• [Problem details] Scan the entries that follow and copy out every line containing "collections".

• [Supplied information]
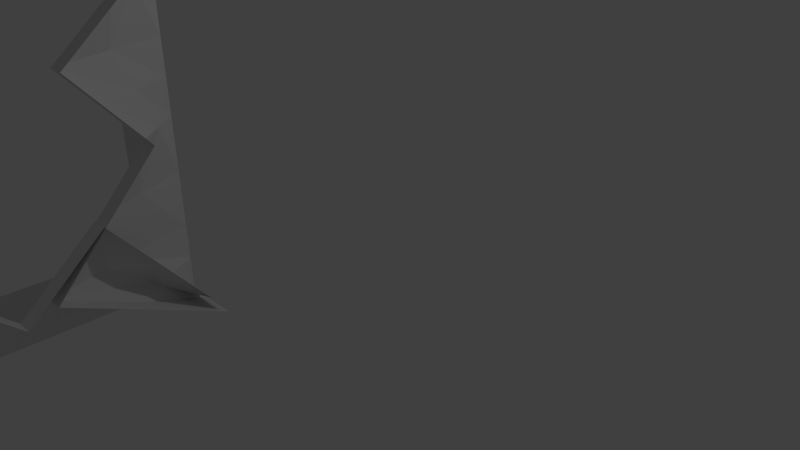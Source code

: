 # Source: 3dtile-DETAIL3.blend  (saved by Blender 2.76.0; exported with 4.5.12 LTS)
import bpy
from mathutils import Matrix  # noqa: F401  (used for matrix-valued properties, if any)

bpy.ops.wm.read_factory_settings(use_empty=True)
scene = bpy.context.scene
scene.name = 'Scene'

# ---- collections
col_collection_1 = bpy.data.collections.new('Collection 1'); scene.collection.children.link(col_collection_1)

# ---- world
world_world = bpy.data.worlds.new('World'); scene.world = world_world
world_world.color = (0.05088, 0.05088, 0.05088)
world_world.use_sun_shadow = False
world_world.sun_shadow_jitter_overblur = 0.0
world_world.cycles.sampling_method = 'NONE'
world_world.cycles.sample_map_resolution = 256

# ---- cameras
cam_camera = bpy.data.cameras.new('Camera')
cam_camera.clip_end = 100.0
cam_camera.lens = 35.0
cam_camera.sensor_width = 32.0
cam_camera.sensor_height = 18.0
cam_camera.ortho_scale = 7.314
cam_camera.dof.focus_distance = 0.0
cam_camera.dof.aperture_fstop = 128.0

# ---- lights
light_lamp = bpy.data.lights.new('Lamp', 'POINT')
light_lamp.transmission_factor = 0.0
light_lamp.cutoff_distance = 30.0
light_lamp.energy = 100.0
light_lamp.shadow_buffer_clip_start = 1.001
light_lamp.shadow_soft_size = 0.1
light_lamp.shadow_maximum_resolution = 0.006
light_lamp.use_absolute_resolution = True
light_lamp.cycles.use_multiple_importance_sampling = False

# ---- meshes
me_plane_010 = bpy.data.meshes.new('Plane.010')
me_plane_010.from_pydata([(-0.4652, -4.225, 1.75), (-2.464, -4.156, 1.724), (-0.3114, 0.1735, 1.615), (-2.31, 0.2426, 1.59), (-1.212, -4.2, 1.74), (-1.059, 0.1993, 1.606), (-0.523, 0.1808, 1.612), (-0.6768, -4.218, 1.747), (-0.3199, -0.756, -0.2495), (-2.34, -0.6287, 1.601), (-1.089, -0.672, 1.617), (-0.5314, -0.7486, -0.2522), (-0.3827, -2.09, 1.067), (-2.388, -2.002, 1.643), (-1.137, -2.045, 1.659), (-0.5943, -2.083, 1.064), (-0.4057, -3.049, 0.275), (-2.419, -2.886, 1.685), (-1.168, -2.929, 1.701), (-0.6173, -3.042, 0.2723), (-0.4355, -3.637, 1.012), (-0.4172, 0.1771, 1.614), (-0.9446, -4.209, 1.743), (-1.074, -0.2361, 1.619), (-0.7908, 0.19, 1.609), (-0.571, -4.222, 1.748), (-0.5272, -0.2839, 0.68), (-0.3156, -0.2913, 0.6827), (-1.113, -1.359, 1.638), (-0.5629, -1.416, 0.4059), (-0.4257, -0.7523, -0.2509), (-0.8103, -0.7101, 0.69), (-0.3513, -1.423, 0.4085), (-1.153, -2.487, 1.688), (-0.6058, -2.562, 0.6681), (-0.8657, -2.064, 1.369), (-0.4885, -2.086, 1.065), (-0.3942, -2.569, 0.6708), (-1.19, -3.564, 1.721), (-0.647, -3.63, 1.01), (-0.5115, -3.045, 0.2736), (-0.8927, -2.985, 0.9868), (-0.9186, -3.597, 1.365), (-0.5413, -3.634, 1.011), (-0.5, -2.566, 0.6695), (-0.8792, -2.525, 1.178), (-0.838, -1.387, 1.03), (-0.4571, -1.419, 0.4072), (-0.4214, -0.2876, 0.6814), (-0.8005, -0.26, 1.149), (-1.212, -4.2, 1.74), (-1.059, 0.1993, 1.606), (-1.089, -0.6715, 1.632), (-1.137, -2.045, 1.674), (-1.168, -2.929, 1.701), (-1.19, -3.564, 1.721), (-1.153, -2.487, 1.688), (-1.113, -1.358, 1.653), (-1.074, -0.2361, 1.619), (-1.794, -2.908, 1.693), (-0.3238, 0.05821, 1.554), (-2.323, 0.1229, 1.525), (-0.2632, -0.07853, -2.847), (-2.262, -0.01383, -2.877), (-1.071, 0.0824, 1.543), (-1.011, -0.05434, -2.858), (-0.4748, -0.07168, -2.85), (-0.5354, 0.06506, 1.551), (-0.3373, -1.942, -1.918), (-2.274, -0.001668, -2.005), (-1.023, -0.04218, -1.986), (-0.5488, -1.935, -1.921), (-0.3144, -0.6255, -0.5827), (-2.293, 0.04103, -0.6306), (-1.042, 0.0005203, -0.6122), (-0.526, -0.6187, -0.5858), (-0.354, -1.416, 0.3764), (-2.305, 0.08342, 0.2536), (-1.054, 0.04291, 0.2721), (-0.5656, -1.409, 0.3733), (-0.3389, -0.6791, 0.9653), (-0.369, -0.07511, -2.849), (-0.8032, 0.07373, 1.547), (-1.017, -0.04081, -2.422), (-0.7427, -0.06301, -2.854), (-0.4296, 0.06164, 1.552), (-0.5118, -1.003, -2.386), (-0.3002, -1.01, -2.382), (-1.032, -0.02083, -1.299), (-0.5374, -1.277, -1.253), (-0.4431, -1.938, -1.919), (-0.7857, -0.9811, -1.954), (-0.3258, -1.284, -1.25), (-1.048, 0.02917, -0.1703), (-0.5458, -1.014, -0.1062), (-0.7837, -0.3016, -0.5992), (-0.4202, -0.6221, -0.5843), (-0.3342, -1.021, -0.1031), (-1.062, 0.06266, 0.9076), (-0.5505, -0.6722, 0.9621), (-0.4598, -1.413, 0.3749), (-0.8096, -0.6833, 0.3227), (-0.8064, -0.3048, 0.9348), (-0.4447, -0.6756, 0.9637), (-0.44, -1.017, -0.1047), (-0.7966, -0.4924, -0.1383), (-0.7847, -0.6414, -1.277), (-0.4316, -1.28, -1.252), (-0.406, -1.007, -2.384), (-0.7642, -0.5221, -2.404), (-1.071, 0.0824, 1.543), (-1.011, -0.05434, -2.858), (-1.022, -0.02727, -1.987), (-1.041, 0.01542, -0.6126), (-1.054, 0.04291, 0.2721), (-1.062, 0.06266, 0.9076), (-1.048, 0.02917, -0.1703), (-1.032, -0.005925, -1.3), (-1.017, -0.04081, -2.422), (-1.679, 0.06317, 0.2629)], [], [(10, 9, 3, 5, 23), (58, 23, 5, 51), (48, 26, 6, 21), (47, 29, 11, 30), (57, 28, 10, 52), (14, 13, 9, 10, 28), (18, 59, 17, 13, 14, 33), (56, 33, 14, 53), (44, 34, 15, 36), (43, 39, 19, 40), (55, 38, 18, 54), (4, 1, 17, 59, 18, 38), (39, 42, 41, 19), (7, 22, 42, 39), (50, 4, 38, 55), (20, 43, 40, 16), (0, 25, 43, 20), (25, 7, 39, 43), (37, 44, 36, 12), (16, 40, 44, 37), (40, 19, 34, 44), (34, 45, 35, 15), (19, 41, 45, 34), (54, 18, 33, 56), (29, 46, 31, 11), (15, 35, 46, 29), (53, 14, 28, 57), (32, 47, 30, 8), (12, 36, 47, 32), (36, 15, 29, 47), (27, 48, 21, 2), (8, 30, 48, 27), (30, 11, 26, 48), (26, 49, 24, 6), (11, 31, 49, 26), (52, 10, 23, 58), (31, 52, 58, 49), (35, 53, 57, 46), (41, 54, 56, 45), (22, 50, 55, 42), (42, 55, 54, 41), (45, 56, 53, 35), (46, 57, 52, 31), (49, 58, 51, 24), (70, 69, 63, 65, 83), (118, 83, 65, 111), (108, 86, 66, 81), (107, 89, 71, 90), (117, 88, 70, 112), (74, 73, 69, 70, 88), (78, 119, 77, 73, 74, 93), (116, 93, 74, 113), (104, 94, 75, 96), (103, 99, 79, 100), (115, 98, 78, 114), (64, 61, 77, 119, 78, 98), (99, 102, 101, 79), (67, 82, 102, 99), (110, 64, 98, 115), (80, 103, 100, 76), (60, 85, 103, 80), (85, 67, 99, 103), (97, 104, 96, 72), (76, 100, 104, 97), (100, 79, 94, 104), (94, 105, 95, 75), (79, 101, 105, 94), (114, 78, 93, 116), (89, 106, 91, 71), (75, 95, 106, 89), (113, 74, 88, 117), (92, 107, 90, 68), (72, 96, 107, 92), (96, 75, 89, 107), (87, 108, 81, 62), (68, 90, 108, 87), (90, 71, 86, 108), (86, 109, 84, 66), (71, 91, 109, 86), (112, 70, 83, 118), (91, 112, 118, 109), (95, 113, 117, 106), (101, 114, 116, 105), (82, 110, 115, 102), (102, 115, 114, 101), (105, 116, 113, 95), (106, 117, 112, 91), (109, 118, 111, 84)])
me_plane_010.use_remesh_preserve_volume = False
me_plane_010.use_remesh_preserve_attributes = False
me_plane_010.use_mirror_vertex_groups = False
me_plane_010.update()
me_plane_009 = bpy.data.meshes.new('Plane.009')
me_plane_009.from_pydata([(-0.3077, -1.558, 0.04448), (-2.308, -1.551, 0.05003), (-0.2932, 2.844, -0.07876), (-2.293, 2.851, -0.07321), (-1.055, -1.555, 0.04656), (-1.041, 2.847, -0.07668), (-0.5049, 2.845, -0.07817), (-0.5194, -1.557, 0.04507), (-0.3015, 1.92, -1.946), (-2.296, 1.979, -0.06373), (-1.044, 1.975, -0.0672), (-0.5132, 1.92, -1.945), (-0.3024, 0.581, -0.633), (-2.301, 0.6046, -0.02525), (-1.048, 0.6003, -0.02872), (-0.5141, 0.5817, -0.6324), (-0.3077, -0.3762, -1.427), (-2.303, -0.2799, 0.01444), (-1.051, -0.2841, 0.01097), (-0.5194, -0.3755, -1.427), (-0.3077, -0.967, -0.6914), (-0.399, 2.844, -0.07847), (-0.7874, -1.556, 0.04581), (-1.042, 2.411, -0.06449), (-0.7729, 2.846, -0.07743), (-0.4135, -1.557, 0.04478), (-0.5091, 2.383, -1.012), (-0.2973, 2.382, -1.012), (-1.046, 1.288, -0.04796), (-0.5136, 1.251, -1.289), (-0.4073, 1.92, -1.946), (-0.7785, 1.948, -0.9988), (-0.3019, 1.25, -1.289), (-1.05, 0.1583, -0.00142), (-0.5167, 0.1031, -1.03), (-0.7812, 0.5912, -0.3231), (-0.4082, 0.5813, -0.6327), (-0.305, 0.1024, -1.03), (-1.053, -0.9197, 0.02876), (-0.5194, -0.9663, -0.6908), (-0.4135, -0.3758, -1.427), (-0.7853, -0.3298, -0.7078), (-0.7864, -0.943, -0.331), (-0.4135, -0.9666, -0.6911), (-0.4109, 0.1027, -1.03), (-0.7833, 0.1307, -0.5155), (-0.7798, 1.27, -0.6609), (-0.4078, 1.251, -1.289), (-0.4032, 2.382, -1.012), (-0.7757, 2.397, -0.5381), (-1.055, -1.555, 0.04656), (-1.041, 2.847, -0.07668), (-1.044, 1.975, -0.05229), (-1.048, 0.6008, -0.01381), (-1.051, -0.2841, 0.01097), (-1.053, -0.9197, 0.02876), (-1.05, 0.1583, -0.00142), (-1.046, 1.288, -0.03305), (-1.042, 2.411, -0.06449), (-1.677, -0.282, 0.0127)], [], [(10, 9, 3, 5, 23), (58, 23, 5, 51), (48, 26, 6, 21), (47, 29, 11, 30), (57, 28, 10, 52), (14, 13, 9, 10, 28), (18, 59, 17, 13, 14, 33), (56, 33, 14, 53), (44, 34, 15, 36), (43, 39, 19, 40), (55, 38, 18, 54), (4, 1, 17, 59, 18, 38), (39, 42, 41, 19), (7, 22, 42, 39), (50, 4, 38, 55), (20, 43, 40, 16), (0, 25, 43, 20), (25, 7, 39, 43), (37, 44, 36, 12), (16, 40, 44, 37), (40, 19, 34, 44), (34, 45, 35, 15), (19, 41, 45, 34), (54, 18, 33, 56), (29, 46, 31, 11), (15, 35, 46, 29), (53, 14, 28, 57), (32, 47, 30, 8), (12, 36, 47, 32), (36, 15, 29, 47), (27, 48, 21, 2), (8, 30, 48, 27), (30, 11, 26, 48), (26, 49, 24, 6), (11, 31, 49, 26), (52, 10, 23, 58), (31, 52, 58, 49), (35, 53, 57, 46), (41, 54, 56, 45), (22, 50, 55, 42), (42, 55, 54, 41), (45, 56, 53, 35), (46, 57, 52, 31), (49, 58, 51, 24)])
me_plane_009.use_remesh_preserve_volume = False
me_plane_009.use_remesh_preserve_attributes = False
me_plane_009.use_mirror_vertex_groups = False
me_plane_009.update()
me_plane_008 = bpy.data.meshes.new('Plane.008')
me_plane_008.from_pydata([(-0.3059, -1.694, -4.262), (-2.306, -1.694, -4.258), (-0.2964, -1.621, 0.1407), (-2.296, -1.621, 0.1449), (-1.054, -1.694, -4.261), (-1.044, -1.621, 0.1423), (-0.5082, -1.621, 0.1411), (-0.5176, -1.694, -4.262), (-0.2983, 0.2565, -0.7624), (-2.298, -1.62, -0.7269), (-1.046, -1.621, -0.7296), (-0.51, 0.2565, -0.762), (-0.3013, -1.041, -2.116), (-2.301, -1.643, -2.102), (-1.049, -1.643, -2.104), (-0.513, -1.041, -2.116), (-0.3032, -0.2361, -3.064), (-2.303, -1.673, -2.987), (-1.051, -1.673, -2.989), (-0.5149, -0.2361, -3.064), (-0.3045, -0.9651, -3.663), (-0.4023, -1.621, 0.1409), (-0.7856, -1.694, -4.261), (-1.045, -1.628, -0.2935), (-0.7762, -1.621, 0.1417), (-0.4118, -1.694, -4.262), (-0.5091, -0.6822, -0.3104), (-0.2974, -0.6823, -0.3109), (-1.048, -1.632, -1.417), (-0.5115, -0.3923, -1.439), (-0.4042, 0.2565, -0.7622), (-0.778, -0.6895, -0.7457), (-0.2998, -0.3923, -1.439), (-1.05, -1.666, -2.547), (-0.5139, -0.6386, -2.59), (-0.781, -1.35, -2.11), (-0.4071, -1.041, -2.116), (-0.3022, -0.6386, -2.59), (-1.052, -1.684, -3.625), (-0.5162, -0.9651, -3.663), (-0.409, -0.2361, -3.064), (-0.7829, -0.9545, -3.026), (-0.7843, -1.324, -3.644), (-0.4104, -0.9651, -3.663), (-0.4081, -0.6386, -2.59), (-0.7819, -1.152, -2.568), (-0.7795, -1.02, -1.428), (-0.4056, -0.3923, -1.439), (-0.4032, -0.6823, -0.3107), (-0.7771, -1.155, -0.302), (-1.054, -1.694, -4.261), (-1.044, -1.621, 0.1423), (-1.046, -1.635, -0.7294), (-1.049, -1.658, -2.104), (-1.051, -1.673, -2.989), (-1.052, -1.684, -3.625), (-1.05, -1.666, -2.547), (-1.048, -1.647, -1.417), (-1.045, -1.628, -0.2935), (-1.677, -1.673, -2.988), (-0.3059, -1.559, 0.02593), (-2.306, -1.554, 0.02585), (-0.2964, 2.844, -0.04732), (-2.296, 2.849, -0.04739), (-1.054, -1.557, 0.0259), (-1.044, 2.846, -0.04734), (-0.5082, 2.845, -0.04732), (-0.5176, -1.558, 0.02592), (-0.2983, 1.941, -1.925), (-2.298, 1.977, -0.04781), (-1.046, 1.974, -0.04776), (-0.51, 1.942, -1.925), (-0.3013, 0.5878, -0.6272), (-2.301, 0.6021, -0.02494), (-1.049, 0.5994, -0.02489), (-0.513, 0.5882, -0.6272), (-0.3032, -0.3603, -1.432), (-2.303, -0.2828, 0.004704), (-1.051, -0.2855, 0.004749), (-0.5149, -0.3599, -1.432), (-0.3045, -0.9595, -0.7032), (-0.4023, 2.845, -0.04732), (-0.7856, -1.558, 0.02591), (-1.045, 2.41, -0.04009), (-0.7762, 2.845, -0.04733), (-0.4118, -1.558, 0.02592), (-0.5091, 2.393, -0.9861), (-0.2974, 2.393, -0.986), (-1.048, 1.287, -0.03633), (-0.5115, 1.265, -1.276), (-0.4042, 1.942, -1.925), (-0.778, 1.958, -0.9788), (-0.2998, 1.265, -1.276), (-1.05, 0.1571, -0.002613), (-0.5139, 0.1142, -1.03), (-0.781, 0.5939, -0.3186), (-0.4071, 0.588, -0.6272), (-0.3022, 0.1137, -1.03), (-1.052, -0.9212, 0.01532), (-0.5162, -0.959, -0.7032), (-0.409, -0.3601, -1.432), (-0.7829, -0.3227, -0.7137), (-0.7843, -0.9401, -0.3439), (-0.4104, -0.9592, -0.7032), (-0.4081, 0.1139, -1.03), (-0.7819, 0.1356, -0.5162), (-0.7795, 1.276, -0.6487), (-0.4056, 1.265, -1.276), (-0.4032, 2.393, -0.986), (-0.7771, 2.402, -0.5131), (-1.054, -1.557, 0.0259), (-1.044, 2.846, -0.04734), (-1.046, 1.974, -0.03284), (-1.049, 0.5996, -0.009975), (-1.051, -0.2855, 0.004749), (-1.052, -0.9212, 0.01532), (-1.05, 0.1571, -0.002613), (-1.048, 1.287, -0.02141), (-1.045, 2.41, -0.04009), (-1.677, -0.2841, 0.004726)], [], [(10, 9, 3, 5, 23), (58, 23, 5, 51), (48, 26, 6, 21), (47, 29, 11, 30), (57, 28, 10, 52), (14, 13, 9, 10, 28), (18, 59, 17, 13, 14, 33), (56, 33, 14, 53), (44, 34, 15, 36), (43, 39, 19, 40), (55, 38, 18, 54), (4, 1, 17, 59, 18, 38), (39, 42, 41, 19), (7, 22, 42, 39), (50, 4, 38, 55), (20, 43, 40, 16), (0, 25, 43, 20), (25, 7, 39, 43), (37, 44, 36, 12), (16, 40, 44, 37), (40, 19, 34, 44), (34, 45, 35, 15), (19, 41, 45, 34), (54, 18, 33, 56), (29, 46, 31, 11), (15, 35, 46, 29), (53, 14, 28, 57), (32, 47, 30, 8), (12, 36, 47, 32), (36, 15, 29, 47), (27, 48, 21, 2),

• [Answer space]
# ---- collections
col_collection_1 = bpy.data.collections.new('Collection 1'); scene.collection.children.link(col_collection_1)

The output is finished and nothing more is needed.